Final Model Selection & Evaluation

Comparing the models, the architecture utilizing SMOTE, Adam, and Dropout yielded the best results on the validation set.

print("Training performance comparison")
print(train_metric_df)

print("Validation set performance comparison")
print(valid_metric_df)

Test Set Evaluation:

# Best model is NN with SMOTE, Adam, and Dropout
y_test_pred = model_5.predict(X_test)
y_test_pred = (y_test_pred > 0.5)

# Print classification report & confusion matrix
cr = classification_report(y_test, y_test_pred)
print(cr)
make_confusion_matrix(y_test, y_test_pred)
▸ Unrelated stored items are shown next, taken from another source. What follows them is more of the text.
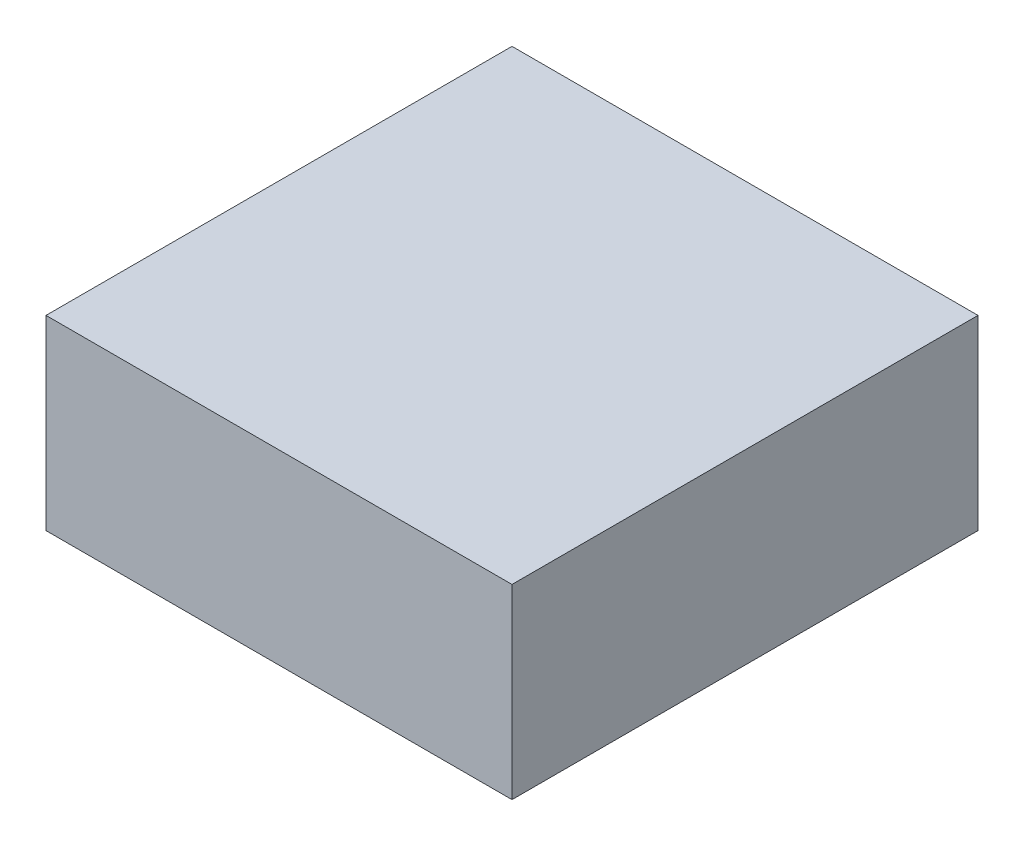
ISO-10303-21;
HEADER;
FILE_DESCRIPTION(('STEP AP214'),'2;1');
FILE_NAME('part.step','',(''),(''),'','','');
FILE_SCHEMA(('AUTOMOTIVE_DESIGN { 1 0 10303 214 1 1 1 1 }'));
ENDSEC;
DATA;
#1=APPLICATION_CONTEXT('core data for automotive mechanical design processes');
#2=APPLICATION_PROTOCOL_DEFINITION('international standard','automotive_design',2000,#1);
#3=PRODUCT_CONTEXT('',#1,'mechanical');
#4=PRODUCT('Part','Part','',(#3));
#5=PRODUCT_RELATED_PRODUCT_CATEGORY('part','',(#4));
#6=PRODUCT_DEFINITION_FORMATION('','',#4);
#7=PRODUCT_DEFINITION_CONTEXT('part definition',#1,'design');
#8=PRODUCT_DEFINITION('design','',#6,#7);
#9=PRODUCT_DEFINITION_SHAPE('','',#8);
#10=(LENGTH_UNIT() NAMED_UNIT(*) SI_UNIT(.MILLI.,.METRE.));
#11=(NAMED_UNIT(*) PLANE_ANGLE_UNIT() SI_UNIT($,.RADIAN.));
#12=(NAMED_UNIT(*) SI_UNIT($,.STERADIAN.) SOLID_ANGLE_UNIT());
#13=UNCERTAINTY_MEASURE_WITH_UNIT(LENGTH_MEASURE(1.E-05),#10,'distance_accuracy_value','');
#14=(GEOMETRIC_REPRESENTATION_CONTEXT(3) GLOBAL_UNCERTAINTY_ASSIGNED_CONTEXT((#13)) GLOBAL_UNIT_ASSIGNED_CONTEXT((#10,
#11,#12)) REPRESENTATION_CONTEXT('',''));
#15=CARTESIAN_POINT('',(0.,0.,0.));
#16=DIRECTION('',(0.,0.,1.));
#17=DIRECTION('',(1.,0.,0.));
#18=AXIS2_PLACEMENT_3D('',#15,#16,#17);
#19=CARTESIAN_POINT('',(0.,6.35,0.));
#20=DIRECTION('',(1.,0.,0.));
#21=DIRECTION('',(0.,0.,-1.));
#22=AXIS2_PLACEMENT_3D('',#19,#20,#21);
#23=PLANE('',#22);
#24=DIRECTION('',(0.,0.,1.));
#25=VECTOR('',#24,1.);
#26=CARTESIAN_POINT('',(0.,0.,0.));
#27=LINE('',#26,#25);
#28=CARTESIAN_POINT('',(0.,0.,-15.875));
#29=VERTEX_POINT('',#28);
#30=CARTESIAN_POINT('',(0.,0.,0.));
#31=VERTEX_POINT('',#30);
#32=EDGE_CURVE('E111',#29,#31,#27,.T.);
#33=ORIENTED_EDGE('',*,*,#32,.T.);
#34=DIRECTION('',(0.,-1.,0.));
#35=VECTOR('',#34,1.);
#36=CARTESIAN_POINT('',(0.,6.35,0.));
#37=LINE('',#36,#35);
#38=CARTESIAN_POINT('',(0.,6.35,0.));
#39=VERTEX_POINT('',#38);
#40=EDGE_CURVE('E11',#39,#31,#37,.T.);
#41=ORIENTED_EDGE('',*,*,#40,.F.);
#42=DIRECTION('',(0.,0.,1.));
#43=VECTOR('',#42,1.);
#44=CARTESIAN_POINT('',(0.,6.35,0.));
#45=LINE('',#44,#43);
#46=CARTESIAN_POINT('',(0.,6.35,-15.875));
#47=VERTEX_POINT('',#46);
#48=EDGE_CURVE('E95',#47,#39,#45,.T.);
#49=ORIENTED_EDGE('',*,*,#48,.F.);
#50=DIRECTION('',(0.,-1.,0.));
#51=VECTOR('',#50,1.);
#52=CARTESIAN_POINT('',(0.,6.35,-15.875));
#53=LINE('',#52,#51);
#54=EDGE_CURVE('E107',#47,#29,#53,.T.);
#55=ORIENTED_EDGE('',*,*,#54,.T.);
#56=EDGE_LOOP('',(#33,#41,#49,#55));
#57=FACE_BOUND('',#56,.T.);
#58=ADVANCED_FACE('F43',(#57),#23,.F.);
#59=CARTESIAN_POINT('',(0.,6.35,0.));
#60=DIRECTION('',(0.,0.,-1.));
#61=DIRECTION('',(-1.,0.,0.));
#62=AXIS2_PLACEMENT_3D('',#59,#60,#61);
#63=PLANE('',#62);
#64=DIRECTION('',(1.,0.,0.));
#65=VECTOR('',#64,1.);
#66=CARTESIAN_POINT('',(0.,0.,0.));
#67=LINE('',#66,#65);
#68=CARTESIAN_POINT('',(15.875,0.,0.));
#69=VERTEX_POINT('',#68);
#70=EDGE_CURVE('E100',#31,#69,#67,.T.);
#71=ORIENTED_EDGE('',*,*,#70,.T.);
#72=DIRECTION('',(0.,-1.,0.));
#73=VECTOR('',#72,1.);
#74=CARTESIAN_POINT('',(15.875,6.35,0.));
#75=LINE('',#74,#73);
#76=CARTESIAN_POINT('',(15.875,6.35,0.));
#77=VERTEX_POINT('',#76);
#78=EDGE_CURVE('E52',#77,#69,#75,.T.);
#79=ORIENTED_EDGE('',*,*,#78,.F.);
#80=DIRECTION('',(1.,0.,0.));
#81=VECTOR('',#80,1.);
#82=CARTESIAN_POINT('',(0.,6.35,0.));
#83=LINE('',#82,#81);
#84=EDGE_CURVE('E90',#39,#77,#83,.T.);
#85=ORIENTED_EDGE('',*,*,#84,.F.);
#86=ORIENTED_EDGE('',*,*,#40,.T.);
#87=EDGE_LOOP('',(#71,#79,#85,#86));
#88=FACE_BOUND('',#87,.T.);
#89=ADVANCED_FACE('F99',(#88),#63,.F.);
#90=CARTESIAN_POINT('',(15.875,6.35,0.));
#91=DIRECTION('',(-1.,0.,0.));
#92=DIRECTION('',(0.,0.,1.));
#93=AXIS2_PLACEMENT_3D('',#90,#91,#92);
#94=PLANE('',#93);
#95=DIRECTION('',(0.,0.,-1.));
#96=VECTOR('',#95,1.);
#97=CARTESIAN_POINT('',(15.875,0.,0.));
#98=LINE('',#97,#96);
#99=CARTESIAN_POINT('',(15.875,0.,-15.875));
#100=VERTEX_POINT('',#99);
#101=EDGE_CURVE('E77',#69,#100,#98,.T.);
#102=ORIENTED_EDGE('',*,*,#101,.T.);
#103=DIRECTION('',(0.,-1.,0.));
#104=VECTOR('',#103,1.);
#105=CARTESIAN_POINT('',(15.875,6.35,-15.875));
#106=LINE('',#105,#104);
#107=CARTESIAN_POINT('',(15.875,6.35,-15.875));
#108=VERTEX_POINT('',#107);
#109=EDGE_CURVE('E102',#108,#100,#106,.T.);
#110=ORIENTED_EDGE('',*,*,#109,.F.);
#111=DIRECTION('',(0.,0.,-1.));
#112=VECTOR('',#111,1.);
#113=CARTESIAN_POINT('',(15.875,6.35,0.));
#114=LINE('',#113,#112);
#115=EDGE_CURVE('E93',#77,#108,#114,.T.);
#116=ORIENTED_EDGE('',*,*,#115,.F.);
#117=ORIENTED_EDGE('',*,*,#78,.T.);
#118=EDGE_LOOP('',(#102,#110,#116,#117));
#119=FACE_BOUND('',#118,.T.);
#120=ADVANCED_FACE('F103',(#119),#94,.F.);
#121=CARTESIAN_POINT('',(0.,6.35,-15.875));
#122=DIRECTION('',(0.,0.,1.));
#123=DIRECTION('',(1.,0.,0.));
#124=AXIS2_PLACEMENT_3D('',#121,#122,#123);
#125=PLANE('',#124);
#126=DIRECTION('',(-1.,0.,0.));
#127=VECTOR('',#126,1.);
#128=CARTESIAN_POINT('',(0.,0.,-15.875));
#129=LINE('',#128,#127);
#130=EDGE_CURVE('E83',#100,#29,#129,.T.);
#131=ORIENTED_EDGE('',*,*,#130,.T.);
#132=ORIENTED_EDGE('',*,*,#54,.F.);
#133=DIRECTION('',(-1.,0.,0.));
#134=VECTOR('',#133,1.);
#135=CARTESIAN_POINT('',(0.,6.35,-15.875));
#136=LINE('',#135,#134);
#137=EDGE_CURVE('E60',#108,#47,#136,.T.);
#138=ORIENTED_EDGE('',*,*,#137,.F.);
#139=ORIENTED_EDGE('',*,*,#109,.T.);
#140=EDGE_LOOP('',(#131,#132,#138,#139));
#141=FACE_BOUND('',#140,.T.);
#142=ADVANCED_FACE('F124',(#141),#125,.F.);
#143=CARTESIAN_POINT('',(0.,6.35,0.));
#144=DIRECTION('',(0.,-1.,0.));
#145=DIRECTION('',(0.,0.,-1.));
#146=AXIS2_PLACEMENT_3D('',#143,#144,#145);
#147=PLANE('',#146);
#148=ORIENTED_EDGE('',*,*,#48,.T.);
#149=ORIENTED_EDGE('',*,*,#84,.T.);
#150=ORIENTED_EDGE('',*,*,#115,.T.);
#151=ORIENTED_EDGE('',*,*,#137,.T.);
#152=EDGE_LOOP('',(#148,#149,#150,#151));
#153=FACE_BOUND('',#152,.T.);
#154=ADVANCED_FACE('F91',(#153),#147,.F.);
#155=CARTESIAN_POINT('',(0.,0.,0.));
#156=DIRECTION('',(0.,-1.,0.));
#157=DIRECTION('',(0.,0.,-1.));
#158=AXIS2_PLACEMENT_3D('',#155,#156,#157);
#159=PLANE('',#158);
#160=ORIENTED_EDGE('',*,*,#32,.F.);
#161=ORIENTED_EDGE('',*,*,#130,.F.);
#162=ORIENTED_EDGE('',*,*,#101,.F.);
#163=ORIENTED_EDGE('',*,*,#70,.F.);
#164=EDGE_LOOP('',(#160,#161,#162,#163));
#165=FACE_BOUND('',#164,.T.);
#166=ADVANCED_FACE('F127',(#165),#159,.T.);
#167=CLOSED_SHELL('',(#58,#89,#120,#142,#154,#166));
#168=MANIFOLD_SOLID_BREP('B2',#167);
#169=ADVANCED_BREP_SHAPE_REPRESENTATION('',(#18,#168),#14);
#170=SHAPE_DEFINITION_REPRESENTATION(#9,#169);
ENDSEC;
END-ISO-10303-21;

Actionable Insights and Business Recommendations

Insights:

Recommendations:

  1. Targeted Retention: Use the model to identify customers at high risk of churning and target them with retention strategies such as personalized offers, discounts, or loyalty programs.
  2. Personalized Outreach: Reach out to high-risk customers with personalized communication to understand their needs and address any issues they might have.
  3. Investigate Product Churn: Conduct further data analysis to identify common features of customers who churn. For example, the EDA showed that 100% of customers with four products churned. This may indicate a specific product suite issue that drives customers away.
  4. Feedback Loop: Implement feedback mechanisms to gather insights from customers predicted to churn. Understanding their pain points can help improve services.
  5. Continuous Monitoring: Regularly monitor the model’s performance and update it with new data to ensure it remains accurate and effective over time.